The Corner

Perception and Reality in Iran

It isn’t exactly news that Obama’s strategy of constructive engagement in Iran is failing because of the utter lack of good faith on the other side. The mullahs are happy to take advantage of Obama’s nice-guy approach, because it gives them the one thing they most desperately want: precious time to pursue their nuclear program and amplify their influence in the region, free from pesky American pressure.

This report, however, touches on a more specific failing of the administration:

Iranian leaders are turning inward and rejecting engagement with the West as they blame outsiders for street protests, even as President Barack Obama’s administration pushes for curbs on Iran’s nuclear program.

The leadership has denounced foreign governments as “enemies” for encouraging demonstrations over last month’s presidential election and plans to put a British Embassy employee on trial for inciting the protests, which were violently suppressed. A French student also has been detained on spy.
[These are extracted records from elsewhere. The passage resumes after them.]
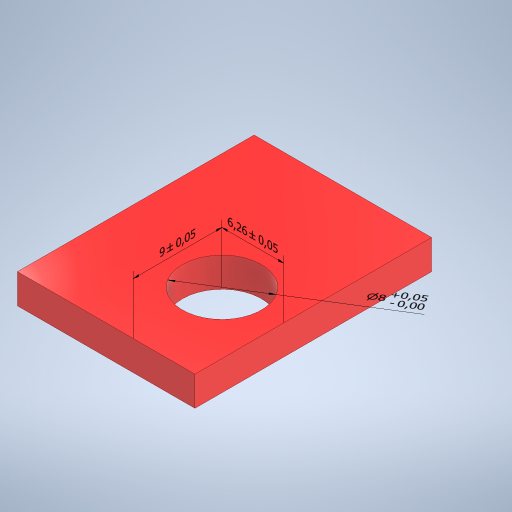
# Autodesk Inventor part: rapoukLegBasev3
Saved by Autodesk Inventor 2024 (Build 280153000, 153)
## iProperties
Created: 2023-10-12
Part Number: rapoukLegBasev3
Material: EN AW-6060 T6
Document SubType Name: Modeling
Designer: Roman Suk
Density: 2.7 g/cm^3
Appearance: Light Red
Author: Roman Suk
Autodesk Inventor part; units mm, degrees
ref_plane "YZ Plane" through (0, 0, 0) normal (1, 0, 0) x (0, 1, 0)
ref_plane "XZ Plane" through (0, 0, 0) normal (0, 1, 0) x (-1, 0, 0)
ref_plane "XY Plane" through (0, 0, 0) normal (0, 0, 1) x (1, 0, 0)
sketch "Sketch1" plane through (0, 0, 0) normal (0, 1, 0) x (-1, 0, 0)
  line L0 (-9, 12) -> (9, 12)
  line L1 (9, 12) -> (9, -12)
  line L2 (9, -12) -> (-9, -12)
  line L3 (-9, -12) -> (-9, 12)
  line L4 (-9, 12) -> (9, -12) construction
  line L5 (9, 12) -> (-9, -12) construction
  circle A0 centre (-2.74, 3) radius 4
  point P0 (0, 0)
  dimension "d0" = 18
  dimension "d1" = 24
  dimension "d2" = 8
  dimension "d3" = 9
  dimension "d9" = 6.26
  constraints: 12 end point, 2 midpoint, 2 parallel, 1 centre point, 1 horizontal, 1 perpendicular
  measures "d0" distance of L1.end L2.end
  measures "d1" distance of L0.end L1.end
  measures "d2" diameter of A0
  measures "d3" distance from line of A0.centre L0
  measures "d9" distance from line of L3 A0.centre
extrude "Extrusion1" add sketch "Sketch1" along normal blind 3
body "Solid1"
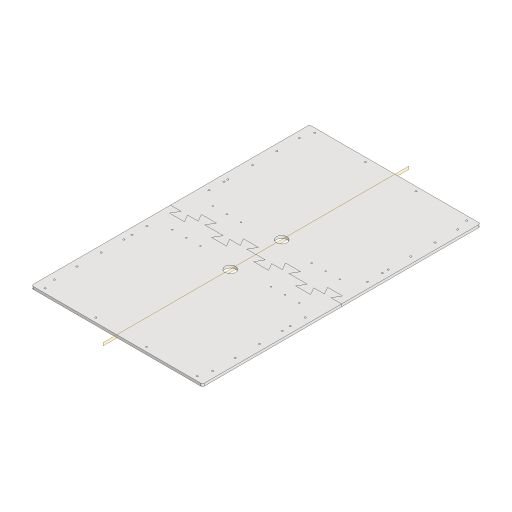
# Autodesk Inventor part: platform
Saved by Autodesk Inventor 2023.2 (Build 272271030, 271C)
## iProperties
Created: 2024-10-30
Part Number: platform
Material: Типовые
Document SubType Name: Modeling
Designer: I9232
Density: 1 g/cm^3
Appearance: По умолчанию
Author: I9232
Autodesk Inventor part; units mm, degrees
ref_plane "XZ Plane" through (0, 0, 0) normal (0, 1, 0) x (-1, 0, 0)
ref_plane "XY Plane" through (0, 0, 0) normal (0, 0, 1) x (1, 0, 0)
sketch "Эскиз1" plane through (0, 0, 0) normal (0, 1, 0) x (-1, 0, 0)
  line L0 (200, 325) -> (-200, 325)
  line L1 (-200, 325) -> (-200, -325)
  line L2 (-200, -325) -> (200, -325)
  line L3 (200, -325) -> (200, 325)
  line L4 (200, 325) -> (-200, -325) construction
  line L5 (-200, 325) -> (200, -325) construction
  point P0 (0, 0)
  dimension "d0" = 650
  dimension "d1" = 400
  constraints: 12 end point, 2 midpoint, 2 parallel, 1 horizontal, 1 perpendicular
  measures "d0" distance of L0.end L1.end
  measures "d1" distance of L1.end L2.end
extrude "Выдавливание1" add sketch "Эскиз1" along normal mid plane 6
fillet "Сопряжение1" radius 4 4 edges at (-200, 0, -325) (200, 0, -325) (200, 0, 325) (-200, 0, 325)
sketch "Эскиз3" plane through (0, 3, 0) normal (0, 1, 0) x (1, 0, 0)
  circle A0 centre (185, -105) radius 2
  arc A1 (-200, -321) -> (-196, -325) centre (-196, -321) ccw projected
  line L0 (-196, -325) -> (196, -325) projected
  arc A2 (196, -325) -> (200, -321) centre (196, -321) ccw projected
  line L1 (200, -321) -> (200, 321) projected
  arc A3 (200, 321) -> (196, 325) centre (196, 321) ccw projected
  line L2 (196, 325) -> (-196, 325) projected
  arc A4 (-196, 325) -> (-200, 321) centre (-196, 321) ccw projected
  line L3 (-200, 321) -> (-200, -321) projected
  line L4 (185, -413) -> (185, 413) construction
  circle A5 centre (-178, 315) radius 2
  line L5 (280, 0) -> (-280, 0) construction
  line L6 (-200, 315) -> (-183.7984, 315) construction
  circle A6 centre (-59.5, 315) radius 2
  circle A7 centre (59, 315) radius 2
  circle A8 centre (177.5, 315) radius 2
  circle A9 centre (185, -286.5) radius 2
  circle A10 centre (185, -233.5) radius 2
  circle A11 centre (185, -177) radius 2
  circle A12 centre (185, -124) radius 2
  circle A13 centre (-178, -315) radius 2
  circle A14 centre (-59.5, -315) radius 2
  circle A15 centre (59, -315) radius 2
  circle A16 centre (177.5, -315) radius 2
  line L7 (0, -50) -> (0, 50) construction
  circle A17 centre (-185, -105) radius 2
  circle A18 centre (-185, -286.5) radius 2
  circle A19 centre (-185, -233.5) radius 2
  circle A20 centre (-185, -177) radius 2
  circle A21 centre (185, 286.5) radius 2
  circle A22 centre (185, 233.5) radius 2
  circle A23 centre (185, 177) radius 2
  circle A24 centre (185, 124) radius 2
  circle A25 centre (-185, 286.5) radius 2
  circle A26 centre (-185, 233.5) radius 2
  circle A27 centre (-185, 177) radius 2
  circle A28 centre (-185, 119) radius 2
  circle A29 centre (185, -70) radius 2
  circle A30 centre (185, 75) radius 2
  circle A31 centre (185, 110) radius 2
  circle A32 centre (-185, -105) radius 2
  circle A33 centre (-185, -70) radius 2
  circle A34 centre (-185, 75) radius 2
  circle A35 centre (-185, 110) radius 2
  circle A36 centre (-185, -124) radius 2
  point P0 (0, 0)
  point P1 (185, 325)
  point P2 (185, -103)
  point P3 (185, -107)
  point P4 (185, -325)
  point P5 (0, 0)
  dimension "d7" = 4
  dimension "d15" = 4
  dimension "d17" = 220
  dimension "d34" = 10
  dimension "d35" = 22
  dimension "d38" = 118.5
  dimension "d43" = 4
  dimension "d44" = 38.5
  dimension "d45" = 4
  dimension "d46" = 4
  dimension "d47" = 4
  dimension "d48" = 53
  dimension "d49" = 53
  dimension "d50" = 56.5
  dimension "d51" = 100
  dimension "d58" = 35
  dimension "d59" = 35
  dimension "d60" = 14
  constraints: 33 centre point, 20 symmetric about line, 6 end point, 3 equal radius, 3 horizontal, 2 midpoint, 2 point on line, 1 vertical, 40 other
  measures "d7" diameter of A0
  measures "d15" diameter of A5
  measures "d17" distance from line of L0 A0.centre
  measures "d34" distance between parallel lines of L2 L6
  measures "d35" distance of L6.start A5.centre
  measures "d38" distance of A5.centre A6.centre
  measures "d43" diameter of A9
  measures "d44" distance from line of L0 A9.centre
  measures "d45" diameter of A10
  measures "d46" diameter of A11
  measures "d47" diameter of A12
  measures "d48" distance of A10.centre A9.centre
  measures "d49" distance of A12.centre A11.centre
  measures "d50" distance of A11.centre A10.centre
  measures "d51" distance of L7.start L7.end
  measures "d58" distance of A29.centre A0.centre
  measures "d59" distance of A31.centre A30.centre
  measures "d60" distance of A24.centre A31.centre
extrude "Выдавливание3" cut sketch "Эскиз3" against normal up to surface (6 mm away) contours A0 | A5 | A6 | A7 | A8 | A9 | A10 | A11 | A12 | A13 | A14 | A15 | A16 | A17 | A18 | A19 | A20 | A21 | A22 | A23 | A24 | A25 | A26 | A27 | A28 | A29 | A30 | A31 | A33 | A34 | A35 | A36
sketch "Эскиз5" plane through (0, -3, 0) normal (0, -1, 0) x (1, 0, 0)
  circle A0 centre (148.4926, 47.4999) radius 1.5999 projected
  circle A1 centre (115.4927, 47.5002) radius 1.6002 projected
  circle A2 centre (82.4926, 47.4999) radius 1.5999 projected
  circle A3 centre (82.4928, -47.4999) radius 1.6002 projected
  circle A4 centre (115.4927, -47.5) radius 1.6001 projected
  circle A5 centre (148.4927, -47.5) radius 1.6001 projected
  circle A6 centre (-82.4927, 47.5) radius 1.5999 projected
  circle A7 centre (-115.4927, 47.5) radius 1.6 projected
  circle A8 centre (-148.4927, 47.4999) radius 1.5999 projected
  circle A9 centre (-148.4927, -47.5) radius 1.6 projected
  circle A10 centre (-115.4927, -47.5) radius 1.5999 projected
  circle A11 centre (-82.4926, -47.5) radius 1.6 projected
  point P0 (0, 0)
extrude "Выдавливание5" cut sketch "Эскиз5" against normal up to surface (6 mm away)
sketch "Эскиз6" plane through (0, -3, 0) normal (0, -1, 0) x (1, 0, 0)
  circle A0 centre (0, 60) radius 12.5
  circle A1 centre (0, -60) radius 12.5
  line L0 (0, 455) -> (0, -455) construction
  point P0 (0, 0)
  dimension "d61" = 25
  dimension "d62" = 25
  dimension "d63" = 60
  dimension "d64" = 60
  constraints: 2 centre point, 2 point on line
  measures "d61" diameter of A0
  measures "d62" diameter of A1
  measures "d63" distance of point (0, 0) A0.centre
  measures "d64" distance of point (0, 0) A1.centre
extrude "Выдавливание6" cut sketch "Эскиз6" against normal up to surface (6 mm away)
sketch "Эскиз7" plane through (0, -3, 0) normal (0, -1, 0) x (1, 0, 0)
  line L0 (200, 321) -> (200, -321) projected
  line L1 (200, 0) -> (175, 0)
  line L2 (175, 0) -> (185, -17.3205)
  line L3 (185, -17.3205) -> (150, -17.3205)
  line L4 (150, -17.3205) -> (160, 0)
  line L5 (160, 0) -> (135, 0)
  line L6 (-200, -321) -> (-200, 321) projected
  line L7 (135, 0) -> (145, 17.3205)
  line L8 (145, 17.3205) -> (110, 17.3205)
  line L9 (110, 17.3205) -> (120, 0)
  line L10 (-280, 0) -> (280, 0) construction
  line L11 (101.6669, 0) -> (76.6669, 0)
  line L12 (76.6669, 0) -> (86.6669, -17.3205)
  line L13 (86.6669, -17.3205) -> (51.6669, -17.3205)
  line L14 (51.6669, -17.3205) -> (61.6669, 0)
  line L15 (61.6669, 0) -> (36.6669, 0)
  line L16 (36.6669, 0) -> (46.6669, 17.3205)
  line L17 (46.6669, 17.3205) -> (11.6669, 17.3205)
  line L18 (11.6669, 17.3205) -> (21.6669, 0)
  line L19 (3.3338, 0) -> (-21.6662, 0)
  line L20 (-21.6662, 0) -> (-11.6662, -17.3205)
  line L21 (-11.6662, -17.3205) -> (-46.6662, -17.3205)
  line L22 (-46.6662, -17.3205) -> (-36.6662, 0)
  line L23 (-36.6662, 0) -> (-61.6662, 0)
  line L24 (-61.6662, 0) -> (-51.6662, 17.3205)
  line L25 (-51.6662, 17.3205) -> (-86.6662, 17.3205)
  line L26 (-86.6662, 17.3205) -> (-76.6662, 0)
  line L27 (-94.9993, 0) -> (-119.9993, 0)
  line L28 (-119.9993, 0) -> (-109.9993, -17.3205)
  line L29 (-109.9993, -17.3205) -> (-144.9993, -17.3205)
  line L30 (-144.9993, -17.3205) -> (-134.9993, 0)
  line L31 (-134.9993, 0) -> (-159.9993, 0)
  line L32 (-159.9993, 0) -> (-149.9993, 17.3205)
  line L33 (-149.9993, 17.3205) -> (-184.9993, 17.3205)
  line L34 (-184.9993, 17.3205) -> (-174.9993, 0)
  line L35 (120, 0) -> (101.6669, 0)
  line L36 (-174.9993, 0) -> (-200, 0)
  line L37 (21.6669, 0) -> (3.3338, 0)
  line L38 (-76.6662, 0) -> (-94.9993, 0)
  point P0 (0, 0)
  dimension "d77" = 15
  dimension "d78" = 25
  dimension "d79" = 15
  dimension "d80" = 60
  dimension "d87" = 60
  dimension "d104" = 60
  dimension "d105" = 60
  dimension "d106" = 15
  dimension "d107" = 35
  dimension "d110" = 98.3331
  constraints: 72 end point, 27 horizontal alignment, 15 collinear, 13 parallel, 4 horizontal, 4 point on line, 2 midpoint, 5 other
  measures "d77" distance of L4.end L1.end
  measures "d78" distance of L1.start L1.end
  measures "d79" distance from line of L0 L2.end
  measures "d80" angle of L2 L1
  measures "d87" angle of L5 L4
  measures "d104" angle to the sketch x axis of L7
  measures "d105" angle to the sketch x axis of L9
  measures "d106" distance of L9.end L5.end
  measures "d107" distance of L7.end L8.end
  measures "d110" distance of L1.start L11.start
split_face "Разделение2"
sketch "Эскиз8" plane through (-196, -3, 325) normal (0, -1, 0) x (1, 0, 0)
  circle A0 centre (381, -75) radius 3.1
  circle A1 centre (381, -45) radius 3.1
  circle A2 centre (381, -15) radius 3.1
  circle A3 centre (351, -15) radius 3.1
  circle A4 centre (11, -15) radius 3.1
  circle A5 centre (41, -15) radius 3.1
  circle A6 centre (11, -45) radius 3.1
  circle A7 centre (11, -75) radius 3.1
  point P0 (196, -325)
  constraints: 8 centre point, 16 other
sketch "Эскиз9" plane through (-196, -3, -325) normal (0, -1, 0) x (1, 0, 0)
  circle A0 centre (381, 15) radius 3.1
  circle A1 centre (351, 15) radius 3.1
  circle A2 centre (381, 45) radius 3.1
  circle A3 centre (381, 75) radius 3.1
  circle A4 centre (41, 15) radius 3.1
  circle A5 centre (11, 15) radius 3.1
  circle A6 centre (11, 45) radius 3.1
  circle A7 centre (11, 75) radius 3.1
  point P0 (196, 325)
  constraints: 8 centre point, 16 other
extrude "Выдавливание7" [suppressed]
extrude "Выдавливание8" [suppressed]
sketch "Эскиз10" plane through (-196, -3, 325) normal (0, -1, 0) x (1, 0, 0)
  circle A0 centre (68.41, -155.97) radius 1.59
  circle A1 centre (116.67, -157.51) radius 1.59
  circle A2 centre (83.61, -105.5) radius 1.55
  circle A3 centre (111.46, -105.5) radius 1.55
  circle A4 centre (68.29, -81.04) radius 1.59
  circle A5 centre (116.67, -74.54) radius 1.59
  circle A6 centre (146.01, -88.2899) radius 1.65
  circle A7 centre (177.0381, -104.4313) radius 1.65
  point P0 (196, -325)
  constraints: 8 centre point, 16 other
extrude "Выдавливание9" [suppressed]
sketch "Эскиз11" plane through (-196, -3, -325) normal (0, -1, 0) x (1, 0, 0)
  circle A0 centre (121, 280) radius 3.15
  circle A1 centre (271, 280) radius 3.15
  circle A2 centre (121, 90) radius 3.15
  circle A3 centre (271, 90) radius 3.15
  point P0 (196, 325)
  constraints: 4 centre point, 8 other
extrude "Выдавливание10" [suppressed]
sketch "Эскиз12" plane through (-196, -3, 325) normal (0, -1, 0) x (1, 0, 0)
  circle A0 centre (255, -10) radius 2
  circle A1 centre (136.5, -10) radius 2
  circle A2 centre (255, -640) radius 2
  circle A3 centre (136.5, -640) radius 2
  point P0 (196, -325)
  constraints: 4 centre point, 8 other
extrude "Выдавливание11" [suppressed]
sketch "Эскиз14" plane through (-196, 3, 325) normal (0, 1, 0) x (1, 0, 0)
  circle A0 centre (11.994, 240.175) radius 2
  line L0 (-4, 325) -> (-4, 4) projected
  line L1 (-4, 325) -> (21.0007, 325) projected
  line L2 (11.994, 325) -> (11.994, 0) construction
  line L3 (21.0007, 325) -> (-4, 325) projected
  line L4 (0, 0) -> (392, 0) projected
  circle A1 centre (11.994, 189.852) radius 2
  point P0 (196, 325)
  dimension "d127" = 15.994
  dimension "d128" = 4
  dimension "d129" = 84.825
  dimension "d130" = 50.323
  constraints: 4 point on line, 2 centre point, 2 end point, 1 equal radius, 1 vertical
  measures "d127" distance between parallel lines of L0 L2
  measures "d128" diameter of A0
  measures "d129" distance from line of L1 A0.centre
  measures "d130" distance of A1.centre A0.centre
extrude "Выдавливание12" [suppressed]
sketch "Эскиз15" plane through (-196, 3, -325) normal (0, 1, 0) x (1, 0, 0)
  line L0 (33.816, 0) -> (33.816, -325) construction
  line L1 (392, 0) -> (0, 0) projected
  line L2 (21.0007, -325) -> (-4, -325) projected
  line L3 (-4, -4) -> (-4, -325) projected
  circle A0 centre (33.816, -78.112) radius 8.462
  circle A1 centre (33.816, -185.601) radius 8.462
  point P0 (196, -325)
  dimension "d133" = 37.816
  dimension "d134" = 16.924
  dimension "d135" = 139.399
  dimension "d136" = 107.489
  constraints: 4 point on line, 2 centre point, 2 end point, 1 equal radius, 1 vertical
  measures "d133" distance between parallel lines of L3 L0
  measures "d134" diameter of A0
  measures "d135" distance from line of L2 A1.centre
  measures "d136" distance of A0.centre A1.centre
extrude "Выдавливание13" [suppressed]
mirror "Зеркальное отражение1" [suppressed]
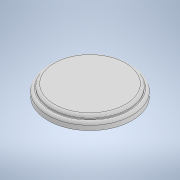
# Autodesk Inventor part: Chess Piece Base
Saved by Autodesk Inventor 2022 (Build 260153000, 153)
## iProperties
Created: 2022-04-22
Part Number: Chess Piece Base
Material: Generic
Document SubType Name: Modeling
Designer: Nick
Density: 1 g/cm^3
Appearance: Default
Author: Nick
Autodesk Inventor part; units mm, degrees
ref_plane "YZ Plane" through (0, 0, 0) normal (1, 0, 0) x (0, 1, 0)
ref_plane "XZ Plane" through (0, 0, 0) normal (0, 1, 0) x (-1, 0, 0)
ref_plane "XY Plane" through (0, 0, 0) normal (0, 0, 1) x (1, 0, 0)
sketch "Sketch1" plane through (0, 0, 0) normal (0, 0, 1) x (1, 0, 0)
  line L0 (0, 0) -> (0, 19.8394)
  line L1 (0, 0) -> (11.5, 0)
  line L2 (11.5, 0) -> (11.5, 2)
  line L3 (11.5, 2) -> (10.5, 2)
  line L4 (10.5, 2) -> (10.5, 3)
  line L5 (10.5, 3) -> (0, 3)
  dimension "d1" = 2
  dimension "d2" = 1
  dimension "d3" = 1
  dimension "d6" = 23
  constraints: 12 end point, 4 perpendicular, 1 horizontal, 1 point on line, 1 vertical
  measures "d1" distance of L1.end L2.end
  measures "d2" distance of L3.end L4.end
  measures "d3" distance of L2.end L3.end
  measures "d6" diameter of L2 L0
revolve "Revolution1" add sketch "Sketch1" angle 360 about axis through (0, 0, 0) along (0, 1, 0)
fillet "Fillet1" radius 0.75 2 edges at (-11.5, 2, 0) (-10.5, 3, 0)
body "Solid1"
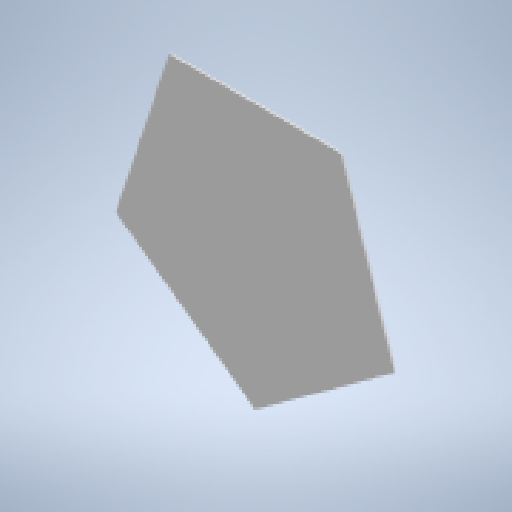
# Autodesk Inventor part: Pentagono
Saved by Autodesk Inventor 2024.2 (Build 282272000, 272)
## iProperties
Created: 2024-04-24
Part Number: Pentagono
Material: Genérico
Document SubType Name: Modeling
Designer: sergi
Density: 1 g/cm^3
Appearance: Valor por defecto
Author: sergi
Autodesk Inventor part; units mm, degrees
ref_plane "YZ Plane" through (0, 0, 0) normal (1, 0, 0) x (0, 1, 0)
ref_plane "XZ Plane" through (0, 0, 0) normal (0, 1, 0) x (-1, 0, 0)
ref_plane "XY Plane" through (0, 0, 0) normal (0, 0, 1) x (1, 0, 0)
sketch "Boceto1" plane through (0, 0, 0) normal (0, 0, 1) x (1, 0, 0)
  line L0 (78.56, -21.6086) -> (46.5862, 76.7964) projected
  line L1 (82.0867, -22.7545) -> (78.56, -21.6086) projected
  line L2 (82.0867, -22.7545) -> (48.7659, 79.7964) projected
  line L3 (46.5862, 76.7964) -> (48.7659, 79.7964) projected
  line L4 (-5.1483, -82.4262) -> (78.56, -21.6086) projected
  line L5 (-5.1483, -86.1344) -> (-5.1483, -82.4262) projected
  line L6 (-5.1483, -86.1344) -> (82.0867, -22.7545) projected
  line L7 (78.56, -21.6086) -> (82.0867, -22.7545) projected
  line L8 (-88.8566, -21.6086) -> (-5.1483, -82.4262) projected
  line L9 (-88.8566, -21.6086) -> (-92.3834, -22.7545) projected
  line L10 (-5.1483, -86.1344) -> (-92.3834, -22.7545) projected
  line L11 (-5.1483, -86.1344) -> (-5.1483, -82.4262) projected
  line L12 (-56.8829, 76.7964) -> (-88.8566, -21.6086) projected
  line L13 (-59.0626, 79.7964) -> (-56.8829, 76.7964) projected
  line L14 (-59.0626, 79.7964) -> (-92.3834, -22.7545) projected
  line L15 (-88.8566, -21.6086) -> (-92.3834, -22.7545) projected
  line L16 (46.5862, 76.7964) -> (-56.8829, 76.7964) projected
  line L17 (48.7659, 79.7964) -> (46.5862, 76.7964) projected
  line L18 (48.7659, 79.7964) -> (-59.0626, 79.7964) projected
  line L19 (-56.8829, 76.7964) -> (-59.0626, 79.7964) projected
  circle A0 centre (-5.1483, 5.5899) radius 71.2065
  line L20 (-92.3834, -22.7545) -> (-59.0626, 79.7964)
  line L21 (-59.0626, 79.7964) -> (48.7659, 79.7964)
  line L22 (48.7659, 79.7964) -> (82.0867, -22.7545)
  line L23 (82.0867, -22.7545) -> (-5.1483, -86.1344)
  line L24 (-5.1483, -86.1344) -> (-92.3834, -22.7545)
  line L25 (-5.1483, -85.5164) -> (81.4989, -22.5635)
  line L26 (81.4989, -22.5635) -> (48.4026, 79.2964)
  line L27 (48.4026, 79.2964) -> (-58.6993, 79.2964)
  line L28 (-58.6993, 79.2964) -> (-91.7956, -22.5635)
  line L29 (-91.7956, -22.5635) -> (-5.1483, -85.5164)
  point P0 (0, 0)
  point P1 (-5.1483, 5.5899)
  dimension "d0" = 0.5
  constraints: 20 end point, 3 tangent, 1 centre point, 15 other
  measures "d0" distance between parallel lines of L23 L25
extrude "Extrusión1" add sketch "Boceto1" along normal blind 1.2

When Obama’s supporters urged him to show restraint and stay on the sidelines during the recent Iranian uprising, one of their main arguments was that any forceful statements or material support America gave in aid of the protests would help the regime tar the protestors as American dupes and foreign puppets. But of course, the mullahs were always going to make that argument anyway, with a significant amount of credibility. The question, then, is how much the regime’s propaganda efforts would have been helped if their charges of American meddling would have been true. And would this harm have been outweighed by the benefits if America came out in full-throated support of the dissidents? To me the answer seems far from clear, despite the legions of Obama apologists who are vehemently committed to the creed that the best way we can help democracy in Iran is to avoid standing up for it, whatever we do.

Absent any conclusive evidence that this passive approach is tactically sound, though, it seems quite indefensible. Shouldn’t we want the leader of the free world to err on the side of standing firmly and openly with the brave souls who fill the streets clamoring for liberty and democracy, and against the tyrants who send bullets and soldiers to crush any hope of reform?